Belarusian and Russian text-to-speech synthesizer for stationary, mobile and web-based platforms


Regular people-to-people communication is performed through hearing and voice. This method of interaction is also desirable for the human-machine relationship. Such a technology as Speech Synthesis allows your mobile or stationary computer to convert separate words, sentences and other text fragments in one of two official languages ​​of the Republic of Belarus, Belarusian or Russian, into speech.

The tts-based systems may be presented by such multimedia products as talking electronic answering machines (fault and warning messages voicing, voicing of sms, e-mails, chat messages, tts voicing in queue management systems), audiobooks (sequential reading, educational dialogues, audio guides); Internet radio (RSS readers, and website readers); multimedia presentations “text-image-sound”.

The intended audience group covers almost all the people of the country: any attentive listener in a particular room or a passersby of any age (children, adults and senior citizens in the streets, in the bank, at school, office, apartment, or in a vehicle); people with disabilities (visually impaired, with weakened vocal cords or hearing) may become users of a tts-based system.

Text-to-speech synthesizer for stationary platforms

The interface for stationary platforms asks a user in which language one enters a text. Then the entered text arrives at the input of specialized processors (linguistic, intonational (prosodic), phonetic, or acoustic). Finally, the processed text is converted into an audio signal.

The novelty and originality of the TSS design lie in the following: the text-to-speech synthesizer uses the same algorithms and their realizations slightly altered according to language-dependent linguistic resources. As a result, this significantly saves computer resources. 

The developed algorithms for turning numbers into ordinal or cardinal numerals and their modifications, allow voicing designations of dates (e.g., 25.10.2011), time, temperatures (e.g., 212 °F), scales, technical names (e.g., the Yakovlev Yak-15), abbreviations, and acronyms (e.g., UNIX, Android 4.3). These algorithms, unlike the existing ones, take into account the declination of ordinal numbers according to the categories of gender, number and case, and, therefore, can increase the natural sounding of synthesized speech.

Text-to-Speech Synthesizer for Mobile Platforms

The system of text-to-speech synthesis has been implemented on the J2ME platform used in a wide variety of mobile phones. The synthesizer has low requirements for this platform, which allows using it for the majority of mobile phones. Another distinctive feature that favours the use of the SST is the inbuilt technology of the placement of accents in words, which, unlike its known analogues, considers heuristic and statistical accent characteristics. Thanks to this, the volume of the grammatical dictionary is significantly reduced without loss of accuracy of the accent placement.


Text-to-Speech Synthesizer for the Internet

The system has been implemented on the free scripting programming language PHP that is considered the most popular one on the web. Users can visit the website at any time and synthesize speech for any text in the appropriate language.
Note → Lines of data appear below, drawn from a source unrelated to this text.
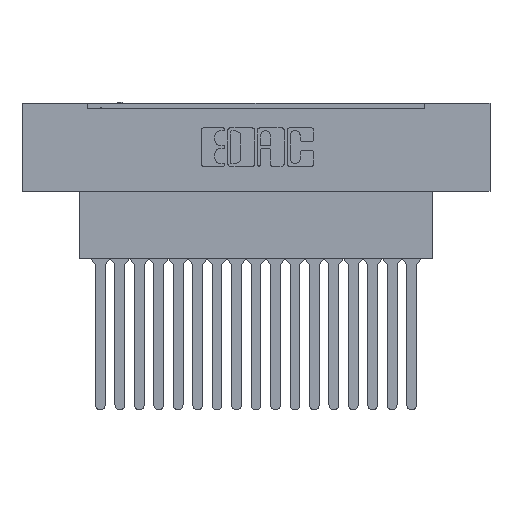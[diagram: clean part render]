
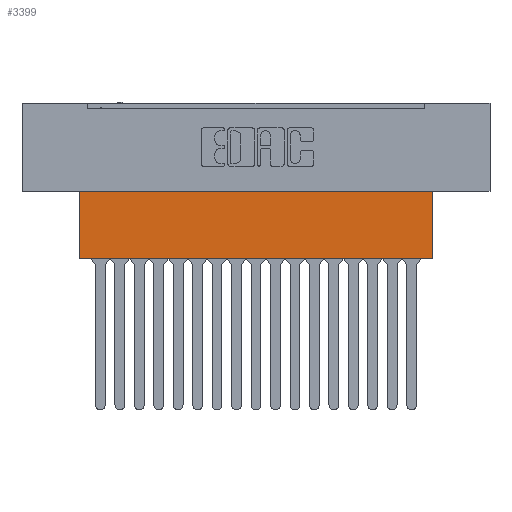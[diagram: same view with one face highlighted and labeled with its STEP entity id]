
A CAD part, top view. The second image highlights one B-rep face of the part: STEP entity #3399.
In plain terms, the highlighted planar face has unit normal (0, 0, 1).
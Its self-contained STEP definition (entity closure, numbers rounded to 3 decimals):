
#1611 = EDGE_CURVE ( 'NONE', #18486, #10989, #9293, .T. ) ;
#3193 = CARTESIAN_POINT ( 'NONE',  ( 7.468, -8.814, -3.962 ) ) ;
#3399 = ADVANCED_FACE ( 'NONE', ( #16085 ), #8460, .F. ) ;
#4129 = LINE ( 'NONE', #16257, #10200 ) ;
#4722 = CARTESIAN_POINT ( 'NONE',  ( 53.645, 0., -3.962 ) ) ;
#4947 = VECTOR ( 'NONE', #19744, 1000. ) ;
#5256 = EDGE_LOOP ( 'NONE', ( #10525, #18581, #13423, #23649 ) ) ;
#5414 = CARTESIAN_POINT ( 'NONE',  ( 61.112, 0., -3.962 ) ) ;
#5517 = CARTESIAN_POINT ( 'NONE',  ( 7.468, -8.814, -3.962 ) ) ;
#5788 = LINE ( 'NONE', #5414, #15560 ) ;
#5898 = EDGE_CURVE ( 'NONE', #10989, #14136, #4129, .T. ) ;
#6698 = VECTOR ( 'NONE', #18596, 1000. ) ;
#7161 = CARTESIAN_POINT ( 'NONE',  ( 7.468, 0., -3.962 ) ) ;
#7272 = DIRECTION ( 'NONE',  ( -1., 0., 0. ) ) ;
#7873 = EDGE_CURVE ( 'NONE', #18486, #21600, #5788, .T. ) ;
#8460 = PLANE ( 'NONE',  #11892 ) ;
#8606 = DIRECTION ( 'NONE',  ( 0., 0., -1. ) ) ;
#9293 = LINE ( 'NONE', #22410, #6698 ) ;
#10200 = VECTOR ( 'NONE', #11210, 1000. ) ;
#10525 = ORIENTED_EDGE ( 'NONE', *, *, #5898, .F. ) ;
#10639 = CARTESIAN_POINT ( 'NONE',  ( 53.645, -8.814, -3.962 ) ) ;
#10989 = VERTEX_POINT ( 'NONE', #10639 ) ;
#11210 = DIRECTION ( 'NONE',  ( -1., 0., 0. ) ) ;
#11892 = AXIS2_PLACEMENT_3D ( 'NONE', #21318, #8606, #15813 ) ;
#13423 = ORIENTED_EDGE ( 'NONE', *, *, #7873, .T. ) ;
#14136 = VERTEX_POINT ( 'NONE', #5517 ) ;
#15560 = VECTOR ( 'NONE', #7272, 1000. ) ;
#15813 = DIRECTION ( 'NONE',  ( 0., 1., 0. ) ) ;
#16085 = FACE_OUTER_BOUND ( 'NONE', #5256, .T. ) ;
#16257 = CARTESIAN_POINT ( 'NONE',  ( 61.112, -8.814, -3.962 ) ) ;
#17095 = EDGE_CURVE ( 'NONE', #14136, #21600, #23024, .T. ) ;
#18486 = VERTEX_POINT ( 'NONE', #4722 ) ;
#18581 = ORIENTED_EDGE ( 'NONE', *, *, #1611, .F. ) ;
#18596 = DIRECTION ( 'NONE',  ( 0., -1., 0. ) ) ;
#19744 = DIRECTION ( 'NONE',  ( 0., 1., 0. ) ) ;
#21318 = CARTESIAN_POINT ( 'NONE',  ( 61.112, 0., -3.962 ) ) ;
#21600 = VERTEX_POINT ( 'NONE', #7161 ) ;
#22410 = CARTESIAN_POINT ( 'NONE',  ( 53.645, -8.814, -3.962 ) ) ;
#23024 = LINE ( 'NONE', #3193, #4947 ) ;
#23649 = ORIENTED_EDGE ( 'NONE', *, *, #17095, .F. ) ;

After the generation of speech, it will become possible not only to play the resulting sound file, or to download and save it, but also to share the electronic link to it with friends via e-mail or a social network. For example, at it is possible to quickly create language riddle tests.

Text-to-Speech Synthesizer is a Widely-Used Tool

The text-to-speech synthesizer is capable of providing the voicing of texts in the Belarusian and Russian languages for a wide range of users. Thanks to the language-independent architecture, it can speak the same voice (male or female) in different languages. The ability to launch the SST on different platforms allows its almost universal use.